## Input
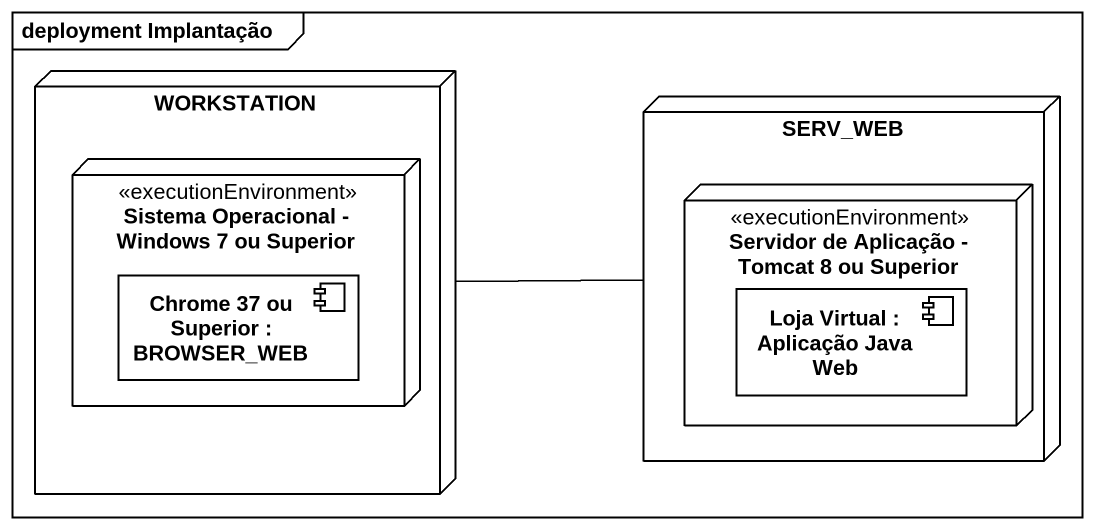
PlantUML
@startuml
mainframe deployment Implantação
node WORKSTATION {
  node "Sistema Operacional - Windows 7 ou Superior" as Sistema_Operacional_Windows <<executionEnvironment>> {
    component "Chrome 37 ou Superior : BROWSER_WEB" as Chrome_37_ou_Superior
  }
}
node SERV_WEB {
  node "Servidor de Aplicação - Tomcat 8 ou Superior" as Servidor_de_Aplicação <<executionEnvironment>> {
    component "Loja Virtual : Aplicação Java Web" as Loja_Virtual
  }
}
WORKSTATION -right- SERV_WEB
@enduml

## Work required
Your response should be made up of the lines in the data that contain the word "Aplicação".

## Reply
  node "Servidor de Aplicação - Tomcat 8 ou Superior" as Servidor_de_Aplicação <<executionEnvironment>> {
    component "Loja Virtual : Aplicação Java Web" as Loja_Virtual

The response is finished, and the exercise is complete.